The EFF regularly opposes Google on stuff, including to the point of filing an FTC complaint against Google over its privacy practices. The argument that it’s a "front" for the EFF is laughable. And if you mean that Google "funds" EFF, that’s also wrong. According to its latest financial report, less than 5% of the money EFF gets comes from corporations, so even if you argued (laughably) that all of the corporate money it gets is from Google, it would still only be a tiny amount of EFF’s budget.

Google doesn’t fund EFF and EFF is not even close to a Google front. You should, maybe, not get your talking points from idiots.

PaulT (profile) says:

Re: Re:

How about you do what is clearly the right thing to do, then, instead of opposing it because you don’t like someone on that side of the argument? If you’re old enough to take interest in these matters, you should be able to evaluate the actual argument, rather than just blindly supporting based on whether or not you like the person telling you about it.

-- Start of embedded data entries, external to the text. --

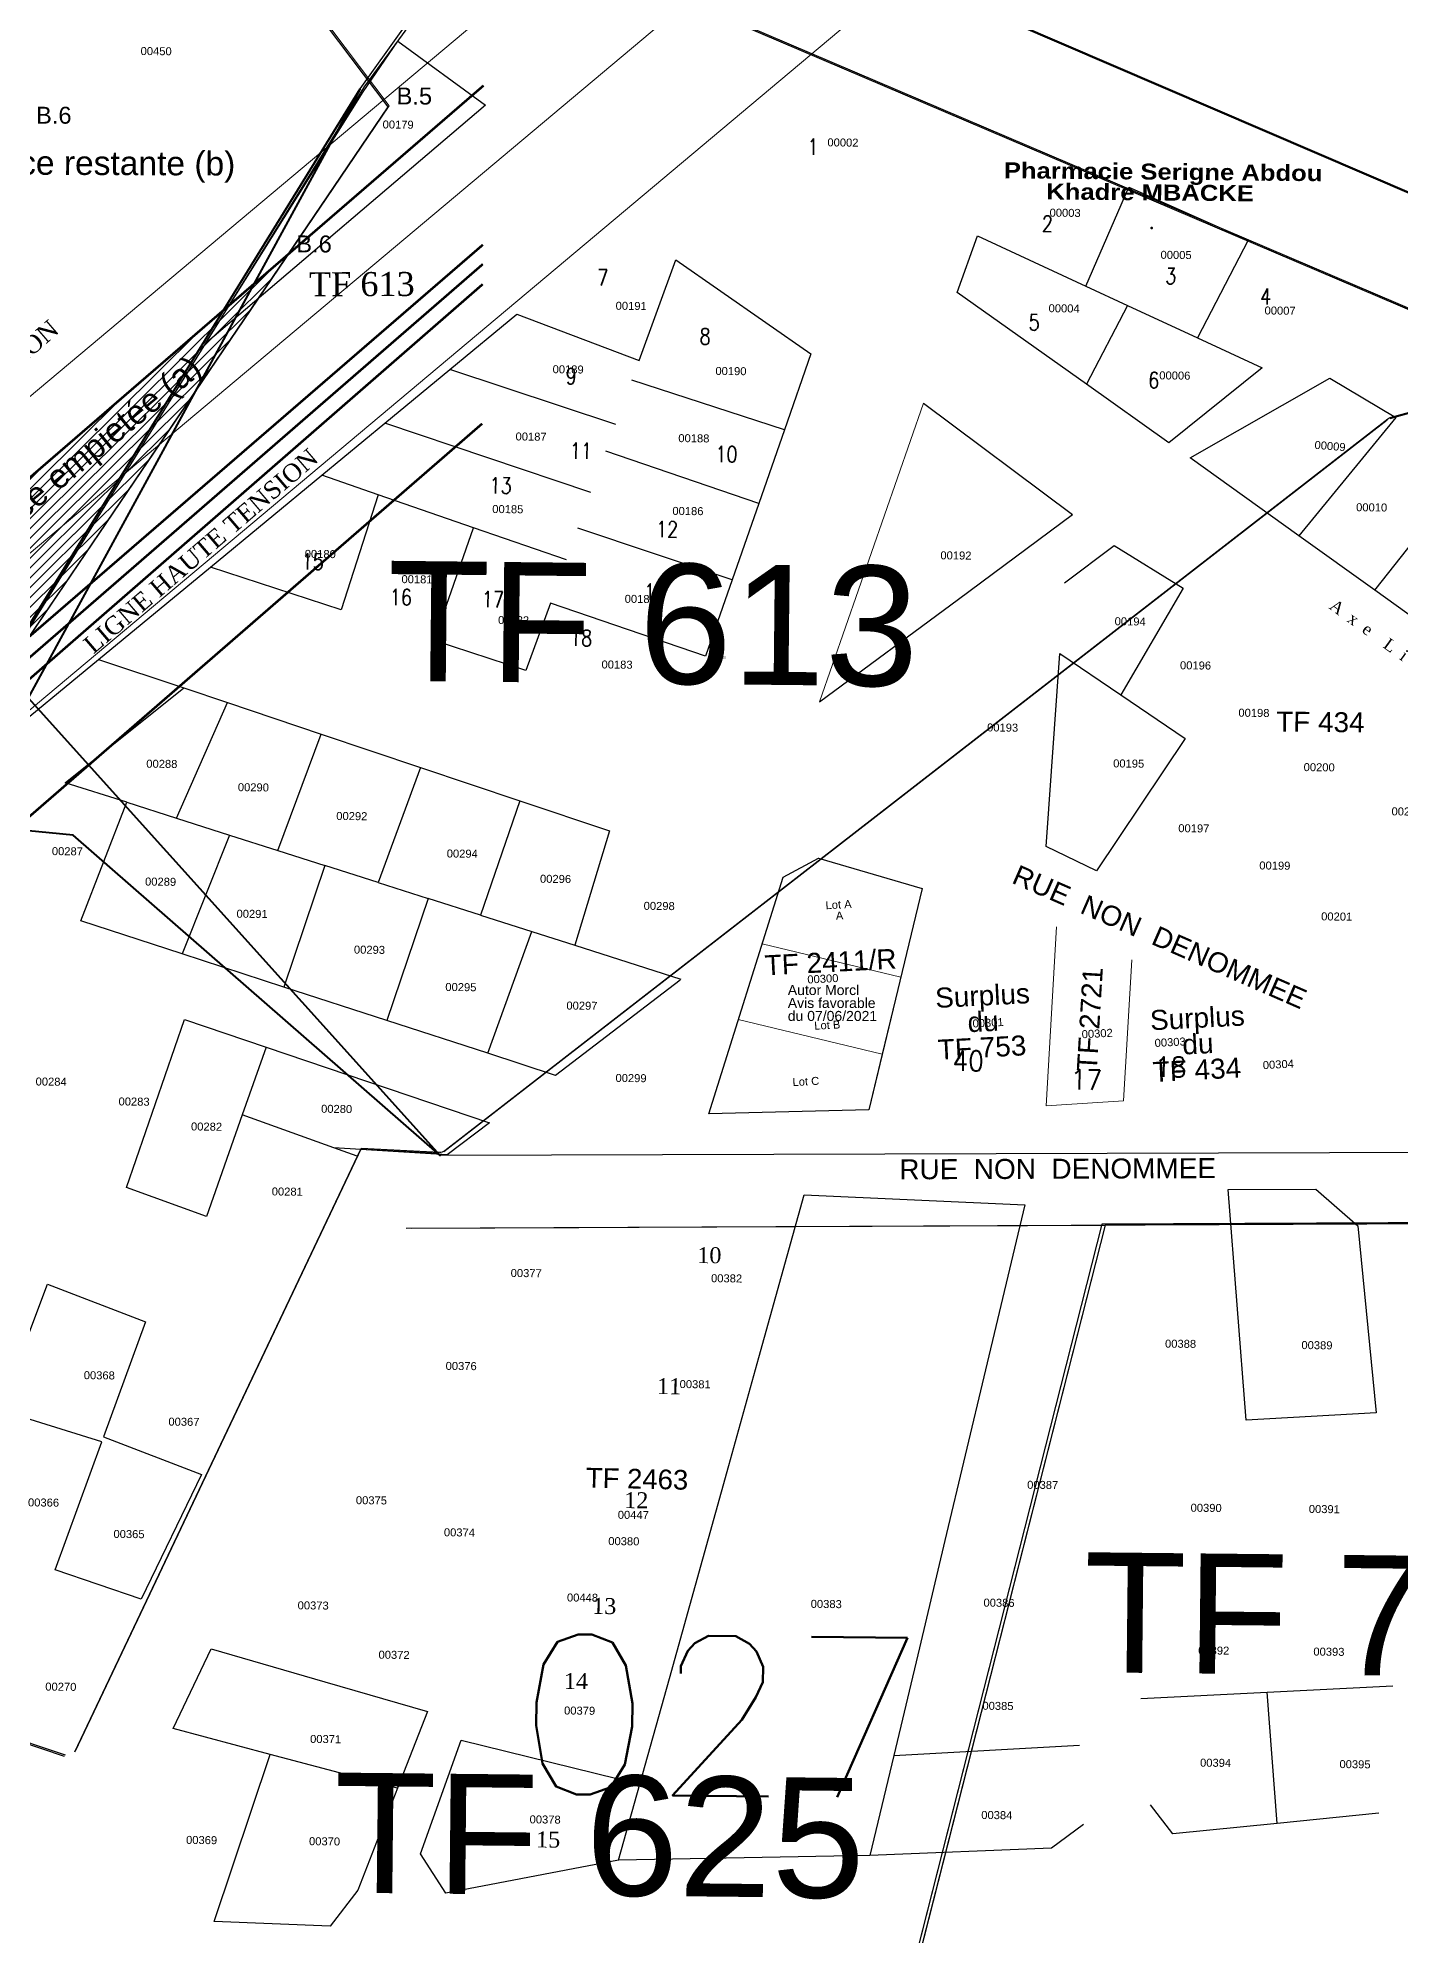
# Model space of a CAD drawing. Header units: metres. Extents: x 0 to 1324930, y 0 to 1631912.
# Drawn here: x 253996.8 to 254167, y 1628408.7 to 1628645.7 of the extents above; entities that cross this region are included whole.
import ezdxf
from ezdxf.enums import TextEntityAlignment as Align

# ---------------------------------------------------------------- set-up
doc = ezdxf.new("R2010")
doc.units = ezdxf.units.M
doc.header["$MEASUREMENT"] = 0
for name, color, linetype in [('A_revoir_niveau_0', 7, 'Continuous'), ('historique_numero_parcelle', 7, 'Continuous'), ('limites_parcelles', 7, 'Continuous'), ('limites_sections', 7, 'Continuous'), ('limites_tf', 7, 'Continuous'), ('numero_lot', 7, 'Continuous'), ('numero_parcelle', 7, 'Continuous'), ('toponymie', 7, 'Continuous')]:
    doc.layers.add(name, color=color, linetype=linetype)
for name, color, linetype, lineweight in [('Autorisation de Morceller', 7, 'Continuous', 0), ('Bat-dur', 7, 'Continuous', 0), ('Cotation Linéaire', 7, 'Continuous', 0), ('emprise_ht_pik_rufisque', 7, 'Continuous', 0), ('Limite L D TF', 5, 'Continuous', 13), ('LimiteTF', 4, 'Continuous', 13), ('LOTIS', 7, 'Continuous', 0), ('Légendes', 7, 'Continuous', 0), ('MORCELLEMENT', 7, 'Continuous', 0), ('Nom_rues', 7, 'Continuous', 0), ('Numero_TF', 7, 'Continuous', 0), ('POTEAU H.T', 1, 'Continuous', 30), ('ROUTE BITUME', 4, 'Continuous', 30), ('Régularisation', 1, 'Continuous', 40), ('superficie occpee par la SENELEC', 6, 'Continuous', 40), ('Traitement', 7, 'Continuous', 0)]:
    doc.layers.add(name, color=color, linetype=linetype, lineweight=lineweight)
doc.layers.add('Lignes HT Vectorisées', color=6, linetype='Continuous', lineweight=0, true_color=0xff00ff)
doc.styles.add('CovaListArial', font='FANCY.shx', dxfattribs={"height": 2.116667})
doc.styles.get("Standard").update_dxf_attribs({"font": 'txt.shx'})
doc.styles.add('Style-Arial', font='arial.ttf')
doc.styles.add('Style-Arial Black', font='')
doc.styles.add('Style-FANCY', font='times.ttf')
doc.styles.add('Style-STANDARD', font='STANDARD.shx')
doc.styles.add('Style-txt', font='txt.shx')
doc.styles.add('StyleArial', font='arial.ttf')
doc.styles.get('Style-Arial Black').set_extended_font_data('Arial Black')
pattern_1 = [(45, (36.678519, -6.890117999999998), (-0.0618731868567072, 0.0618731868567072), [])]

# ---------------------------------------------------------------- blocks, each defined once
blk = doc.blocks.new('*U86')
at = {"layer": 'LimiteTF', "color": 5, "linetype": 'Continuous', "lineweight": 30}
for p, q in [((-2.795924, 9.377816), (-1.300355, 11.471031)), ((-1.300355, 11.471031), (-1.18072, 11.505284)), ((-1.180721, 11.505284), (11.887851, 6.092053)), ((-7.882678, 0.965442), (-2.800132, 9.371423)), ((11.877272, 5.903575), (10.074816, 5.384165)), ((10.040383, 5.366438), (-1.650024, -3.901211)), ((-8.478423, 0.224024), (-7.890358, 0.954473)), ((-11.943946, -9.587295), (-8.494838, 0.194568)), ((-6.309421, -11.50523), (-11.88022, -9.715757))]:
    blk.add_line(p, q, dxfattribs=at)
at = {"layer": 'LimiteTF', "color": 5, "linetype": 'Continuous', "lineweight": 30, "flags": 128}
blk.add_lwpolyline([(-1.716286, -3.922762), (-2.69315, -3.8823), (-2.69315, -3.8823), (-6.188048, -11.451939)], dxfattribs=at)
at = {"layer": 'LimiteTF', "color": 5, "linetype": 'Continuous', "lineweight": 30, "extrusion": (0, 0, -1)}
for centre, radius, start, end in [((2.714558, 9.319682), 0.1, 31.158609, 35.545201), ((-11.849582, 5.999665), 0.1, 112.500193, 253.924715), ((8.400529, 0.161314), 0.1, 19.422769, 38.836618), ((1.712147, -3.822848), 0.1, 231.594142, 272.371842), ((11.849637, -9.620549), 0.1000000000000001, 287.80825, 19.422769)]:
    blk.add_arc(centre, radius, start, end, dxfattribs=at)
at = {"layer": 'LimiteTF', "color": 5, "linetype": 'Continuous', "lineweight": 30}
blk.add_arc((10.102506, 5.288075), 0.1, 106.075285, 128.405858, dxfattribs=at)
blk = doc.blocks.new('*U85')
at = {"layer": 'LimiteTF', "color": 5, "linetype": 'Continuous', "lineweight": 30, "xscale": 10, "yscale": 10, "zscale": 10, "rotation": 359.3981}
blk.add_blockref('*U86', (96.339031, -0.393689), dxfattribs=at)
blk = doc.blocks.new('*U103')
at = {"lineweight": 0, "ltscale": 10}
h = blk.add_hatch(dxfattribs=at)
h.set_pattern_fill('ANSI31', color=2, pattern_type=2)
h.set_pattern_definition(pattern_1)
h.paths.add_polyline_path([(4.940243230394115, -2.412007330101914), (-2.145328616930783, -8.585068864776986), (-0.5740138481123723, -9.205577514105244), (1.715086840315051, -7.211277023830915)])
h.paths.add_polyline_path([(0.4815962941574982, -6.760589586629066), (0.481771055430727, -6.783436048979637), (0.4819458167003178, -6.806282511330208), (0.3912747276444861, -6.837198009568965), (0.3933369124279125, -7.106786497519351, -0.4164557489894626), (0.4142215537904123, -7.127511995320674, -0.9999999999999998), (0.3727693454748078, -7.127511995320674, -0.4119749250386742), (0.3933369124206365, -7.106786497519351), (0.3912747276444861, -6.837198009568965), (0.3006036385959305, -6.868113507807719), (0.3004288773227017, -6.845267045428045), (0.3002541160567489, -6.822420583048368)])
h.paths.add_polyline_path([(0.6716523056529696, -6.637128380825742), (1.687117023291648, -6.629360705352154), (1.684709868921344, -6.314674495864892), (0.6692451512681146, -6.322442171309376)], flags=9)
h = blk.add_hatch(dxfattribs=at)
h.set_pattern_fill('ANSI31', color=2, pattern_type=2)
h.set_pattern_definition(pattern_1)
h.paths.add_polyline_path([(1.283041666134521, -7.854191989812533), (1.715086840315051, -7.211277023830915), (-0.5740138481123723, -9.205577514105244), (-0.3583881522354204, -9.290727613872148)])
h = blk.add_hatch(dxfattribs=at)
h.set_pattern_fill('ANSI31', color=2, pattern_type=2)
h.set_pattern_definition(pattern_1)
h.paths.add_polyline_path([(0.8377439824762403, -8.516827663697768), (1.283041666145436, -7.854191989812533), (-0.3583881522354204, -9.290727613872148), (-0.140849791092478, -9.376633020816369)])
h = blk.add_hatch(dxfattribs=at)
h.set_pattern_fill('ANSI31', color=2, pattern_type=2)
h.set_pattern_definition(pattern_1)
h.paths.add_polyline_path([(0.6997467913824948, -8.722177624120379), (0.8377439824762403, -8.516827663697768), (-0.140849791092478, -9.376633020816369), (0.0939836949182791, -9.46936823343276)])
at = {"color": 2, "lineweight": 0, "ltscale": 10, "flags": 128}
for points in [[(1.30241, 7.506375), (-1.336411, 8.970377), (-0.873562, 8.837548), (-0.974463, 8.668591)], [(3.849123, 5.167233), (6.766863, 3.973559), (6.517786, 4.193907), (6.437809, 4.042812)]]:
    blk.add_lwpolyline(points, dxfattribs=at)
for points in [[(-0.13193, 4.962542), (-4.986409, -7.463133), (0.093984, -9.469368), (0.699747, -8.722178), (6.185739, -0.558618), (2.130388, 4.77532), (0.71608, 5.209306), (0.385645, 4.827385), (-0.13193, 4.962542)], [(2.952021, 3.69464), (2.130388, 4.77532), (0.71608, 5.209306), (0.385645, 4.827385), (-0.13193, 4.962542), (-3.081222, -2.586557), (-2.328527, -1.332666), (-0.811341, -2.417331), (2.952021, 3.69464)], [(3.292087, 4.246932), (3.663029, 4.077573), (-0.465849, -2.657532), (0.125349, -3.103299), (-1.101683, -5.150605), (-1.089287, -5.876714), (-1.676583, -6.081999), (-4.128617, -4.331378), (-2.328527, -1.332666), (-0.811341, -2.417331), (3.292087, 4.246932)], [(3.215681, 3.347851), (-0.465849, -2.657532), (0.125349, -3.103299), (-1.101683, -5.150605), (-1.089287, -5.876714), (-1.676583, -6.081999), (-3.842654, -4.53554), (-4.986409, -7.463133), (-2.145329, -8.585069), (0.093984, -9.469368), (0.699747, -8.722178), (4.940243, -2.412007), (6.185739, -0.558618), (3.215681, 3.347851)]]:
    blk.add_lwpolyline(points, close=True, dxfattribs=at)
at = {"layer": 'Bat-dur', "color": 2, "lineweight": 0, "ltscale": 10, "flags": 128}
for points in [[(-2.244228, 5.545252), (-1.992482, 6.400811), (-1.766063, 6.888414), (0.833891, 5.364298), (0.674238, 4.996635), (0.320935, 4.844767), (-0.132506, 4.961068), (-2.244228, 5.545252)], [(-2.244228, 5.545252), (-1.992482, 6.400811), (-1.766063, 6.888414), (0.833891, 5.364298), (0.674238, 4.996635), (0.320935, 4.844767), (-0.132506, 4.961068), (-2.244228, 5.545252)], [(-2.244228, 5.545252), (-1.992482, 6.400811), (-1.766063, 6.888414), (0.833891, 5.364298), (0.674238, 4.996635), (0.320935, 4.844767), (-0.132506, 4.961068), (-2.244228, 5.545252)], [(-1.964232, 5.467794), (-0.132506, 4.961068)]]:
    blk.add_lwpolyline(points, dxfattribs=at)
at = {"layer": 'POTEAU H.T', "color": 2, "lineweight": 0, "ltscale": 10, "const_width": 0.030001, "flags": 128}
for points in [[(7.364841, -0.29966), (-4.027949, -10.225238)], [(7.364841, -2.289123), (-1.744402, -10.225238)], [(-1.426188, -10.225238), (7.364841, -2.531564)], [(7.364841, -2.782035), (-1.106695, -10.225238)], [(0.851495, -10.225238), (7.364841, -4.524931)]]:
    blk.add_lwpolyline(points, dxfattribs=at)
at = {"layer": 'ROUTE BITUME', "color": 2, "lineweight": 0, "ltscale": 10, "flags": 128}
for points in [[(-2.814588, 10.240186), (-0.768388, 9.12171), (3.2758, 6.944873), (7.364841, 5.075337)], [(-3.124996, 9.588099), (-1.067052, 8.439151), (2.954675, 6.325035), (7.364841, 4.285938)], [(7.364841, 4.087717), (2.888813, 6.156212), (-1.158523, 8.277853), (-3.223569, 9.428336)], [(7.364841, 3.29488), (2.606685, 5.4847), (-1.460841, 7.623117), (-2.549488, 8.20642), (-3.59182, 8.786757)], [(-2.471897, 7.845942), (-3.254159, 4.806805), (-4.010495, 1.999096), (-4.533017, -0.047874), (-5.65842, -4.345234), (-7.379816, -10.225238)], [(-6.755017, -10.225238), (-5.136902, -4.588537), (-4.069038, -0.455564), (-3.467279, 1.87343), (-2.760789, 4.60777), (-2.059003, 7.323906)]]:
    blk.add_lwpolyline(points, dxfattribs=at)
at = {"layer": 'ROUTE BITUME', "color": 2, "lineweight": 0, "ltscale": 10}
for centre, radius, start, end in [((-3.263352, 7.864174), 0.7916655051981282, 358.680362, 25.614296), ((-1.171872, 6.297922), 1.356334915470531, 102.301214, 130.84876)]:
    blk.add_arc(centre, radius, start, end, dxfattribs=at)
at = {"color": 2, "lineweight": 0, "char_height": 0.147386, "width": 3.725282, "attachment_point": 1}
for s, insert, rotation in [('\\fTimes New Roman|b0|i0|c00|p23;RN1 VERS DAKAR', (-0.28244, 8.645458), 330.91694175824085), ('\\fTimes New Roman|b0|i0|c00|p23;ROUTE BITUMEE', (-2.957317, 5.06994), 75.46709785881028), ('\\fTimes New Roman|b0|i0|c00|p23;RN1 VERS THIES', (3.957601, 5.341779), 337.9525073871286), ('\\fTimes New Roman|b0|i0|c00|p23;ROUTE BITUMEE', (-5.111066, -2.960492), 75.46709785881028)]:
    blk.add_mtext(s, dxfattribs=dict(at, insert=insert, rotation=rotation))
at = {"color": 2, "lineweight": 0, "char_height": 0.211671, "attachment_point": 4, "line_spacing_factor": 0.6, "style": 'CovaListArial'}
for s, insert in [('\\fArial|b0|i0|c00|p39;B.3', (0.739632, 5.401724)), ('\\fArial|b0|i0|c00|p39;B.1', (-0.150264, 5.108611)), ('\\fArial|b0|i0|c00|p39;B.4', (2.20117, 4.981585)), ('\\fArial|b0|i0|c00|p39;B.2', (0.490339, 4.639611)), ('\\fArial|b0|i0|c00|p39;B.5', (6.278329, -0.435732)), ('\\fArial|b0|i0|c00|p39;B.6', (5.032833, -2.289121)), ('\\fArial|b0|i0|c00|p39;B.10', (-5.493074, -7.592987)), ('\\fArial|b0|i0|c00|p39;B.7', (0.947548, -8.57282)), ('\\fArial|b0|i0|c00|p39;B.9', (-2.783527, -8.675372)), ('\\fArial|b0|i0|c00|p39;B.8', (0.309987, -9.426156))]:
    blk.add_mtext(s, dxfattribs=dict(at, insert=insert))
at = {"color": 2, "lineweight": 0, "char_height": 0.300007, "attachment_point": 7, "line_spacing_factor": 0.6}
for s, insert, rotation in [('\\fArial|b0|i0|c00|p39;surface restante (b)', (-0.69312, -0.483062), 65.21257818678991), ('\\fArial|b0|i0|c00|p39;surface empietée (a)', (0.977467, -6.416953), 39.64904317427363)]:
    blk.add_mtext(s, dxfattribs=dict(at, insert=insert, rotation=rotation))
at = {"color": 2, "lineweight": 0, "attachment_point": 7, "line_spacing_factor": 0.6}
for s, insert, char_height in [('\\fArial|b0|i0|c00|p39;surface restante (b)', (0.633491, -1.527743), 0.300007), ('\\fArial|b0|i0|c00|p39;Echelle 1/250', (-2.597987, -9.747882), 0.200004)]:
    blk.add_mtext(s, dxfattribs=dict(at, insert=insert, char_height=char_height))
at = {"layer": 'Légendes', "color": 2, "lineweight": 0, "attachment_point": 1}
for s, insert, char_height, width, rotation in [('\\fTimes New Roman|b0|i0|c00|p23;TF 2759R', (-1.834998, 5.781052), 0.200004, 22.351694, 0.43825957979509106), ('\\fTimes New Roman|b0|i0|c00|p23;TF 2400', (-2.452027, 5.11615), 0.300007, 22.351694, 0.43825957979509106), ('\\fTimes New Roman|b0|i0|c00|p23;TF 2400', (-6.398106, 0.382165), 0.300007, 22.351694, 0.43825957979509106), ('\\fTimes New Roman|b0|i0|c00|p23;TF 613', (5.192003, -2.642306), 0.300007, 22.351694, 0.43825957979509106), ('\\fTimes New Roman|b0|i0|c00|p23;TF 2160', (-2.950903, -3.541216), 0.45001, 5.587923, 0.43825957979509106), ('\\fTimes New Roman|b0|i0|c00|p23;LIGNE HAUTE TENSION', (2.372954, -7.264996), 0.221078, 5.587923, 40.83824549619084), ('\\fTimes New Roman|b0|i0|c00|p23;TF 500R', (-4.777421, -8.555171), 0.200004, 22.351694, 0.43825957979509106)]:
    blk.add_mtext(s, dxfattribs=dict(at, insert=insert, char_height=char_height, width=width, rotation=rotation))
at = {"layer": 'superficie occpee par la SENELEC', "color": 2, "lineweight": 0, "insert": (0.732231, -6.405352), "char_height": 0.147386, "width": 3.725282, "attachment_point": 1, "rotation": 0.43825957979509106}
blk.add_mtext('\\fTimes New Roman|b0|i0|c00|p23;1037,11m²', dxfattribs=at)
blk = doc.blocks.new('*U102')
at = {"layer": 'Limite L D TF', "color": 2, "linetype": 'Continuous', "lineweight": 0, "flags": 128}
blk.add_lwpolyline([(11.134874, 14.529375), (7.1186, 7.88375), (7.7126, 7.44175), (6.4986, 5.38675), (6.5156, 4.66075), (5.8856, 4.45175), (3.747502, 5.985277), (2.635478, 3.067794), (2.6536, 3.05675), (7.732369, 1.088266), (8.3216, 1.82775), (13.4026, 10.24575), (14.937218, 12.447482), (11.134874, 14.529375)], close=True, dxfattribs=at)
at = {"layer": 'ROUTE BITUME', "color": 2, "lineweight": 0, "ltscale": 10, "rotation": 0.3633}
blk.add_blockref('*U103', (7.567589, 10.544182), dxfattribs=at)
blk = doc.blocks.new('*U104')
at = {"layer": 'Numero_TF', "color": 4, "linetype": 'Continuous', "lineweight": 30}
blk.add_line((189.276722, 298.045863), (162.332943, 192.163063), dxfattribs=at)
at = {"layer": 'Numero_TF', "color": 4, "linetype": 'Continuous', "lineweight": 30, "flags": 128}
blk.add_lwpolyline([(189.276689, 298.053062), (189.276722, 298.045863), (162.335988, 192.17503), (162.543246, 192.190856), (248.75707, 198.765547), (248.75712, 198.764894), (266.49227, 200.119315), (263.376348, 214.802857), (263.497408, 214.814966), (255.365644, 254.717159), (255.365225, 254.719216), (255.367397, 254.723287), (266.977526, 276.483942), (278.703804, 298.462291), (278.703918, 298.462504), (189.276689, 298.053062)], close=True, dxfattribs=at)

msp = doc.modelspace()

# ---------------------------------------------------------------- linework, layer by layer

As ever, even if you weren’t lying about the basis of your argument, it’s still moronic.

TripMN says:

I'm only surprised by the content, not by the effort

I’m surprised the lame duck session hasn’t tried to extend the Sonny Bono copyright another 20 years. Unless I’m mistaken, the first items from 1923 should be going into the public-domain on January 1st, 2019…only 96 years after creation.

Maybe Disney is waiting until we get a little closer to 2004 (when Steamboat Willie will go into the public-domain) before paying for an extension to be rammed thru congress.

Anonymous Coward says:

I really do wish that support for Internet-critical issues was as easy to gain today as it was back in the days of SOPA. But now, as different companies that were once gung-ho in their battle to save the Internet are now diverging in the goals they want to accomplish, as well as having grown in size to where it’s a non-issue for them, another big Internet blackout or day of action is going to be nigh-impossible. These are dark times for the free and open Internet, and they’re set to get darker still.

Uriel-238 (profile) says:

Re: The SOPA era

The problem then was getting people to even be aware of these issues. Net Neutrality was a thing that users were taking for granted in that they didn’t know it existed and things could be different (and worse).

Now, instead, they are aware, but the subject is being obfuscated by lobbyists (much the way the climate change issue is being muddied). Rather than the public being caught unawares, it’s caught confused.

ECA (profile) says:

WHY>

Why does C span require you to have a CABLE TV account??

https://www.senate.gov/floor/

We had such a nice design for a government..When did it get this bad..20-30-50 years??

Something I wish to understand.. We didnt pay these folks before..the 1970’s..
they voted themselves a wage, commensurate to that of a Middle management boss.
As they are being PAID NOW…arnt these folks considered EMPLOYEES??
And as every man/women/child is NOW their Boss, cant we just Fire them..we should need to do much of anything else..

ANd why are we still letting them in while they are supposed to be GONE, home..
They are only requested BEFORE seeding the farms, and upto the harvest time..about 6-8 months MAX(and get paid $170k per 1/2 year)
Please lets fire them before they do MORE stupid things..
Anyone got a List of days missed?? w can fire 2/3 of them just for missing days..
LETS get rid of the AUTOMATIC voting system…Its REALLY ABUSED..

reader50 (profile) says:

Need a Senate Bill number

The EFF page is outdated, with a House Bill number, and a contact form for our representatives. But it’s in the Senate now.

I can’t seem to find it on senate.gov, so does anyone know the SB-number for the Senate bill?

I can contact my Senators manually, but still need the bill number.

Oh – can a mod delete my earlier comment above? Dingbat mistake – I hit Enter instead of Shift.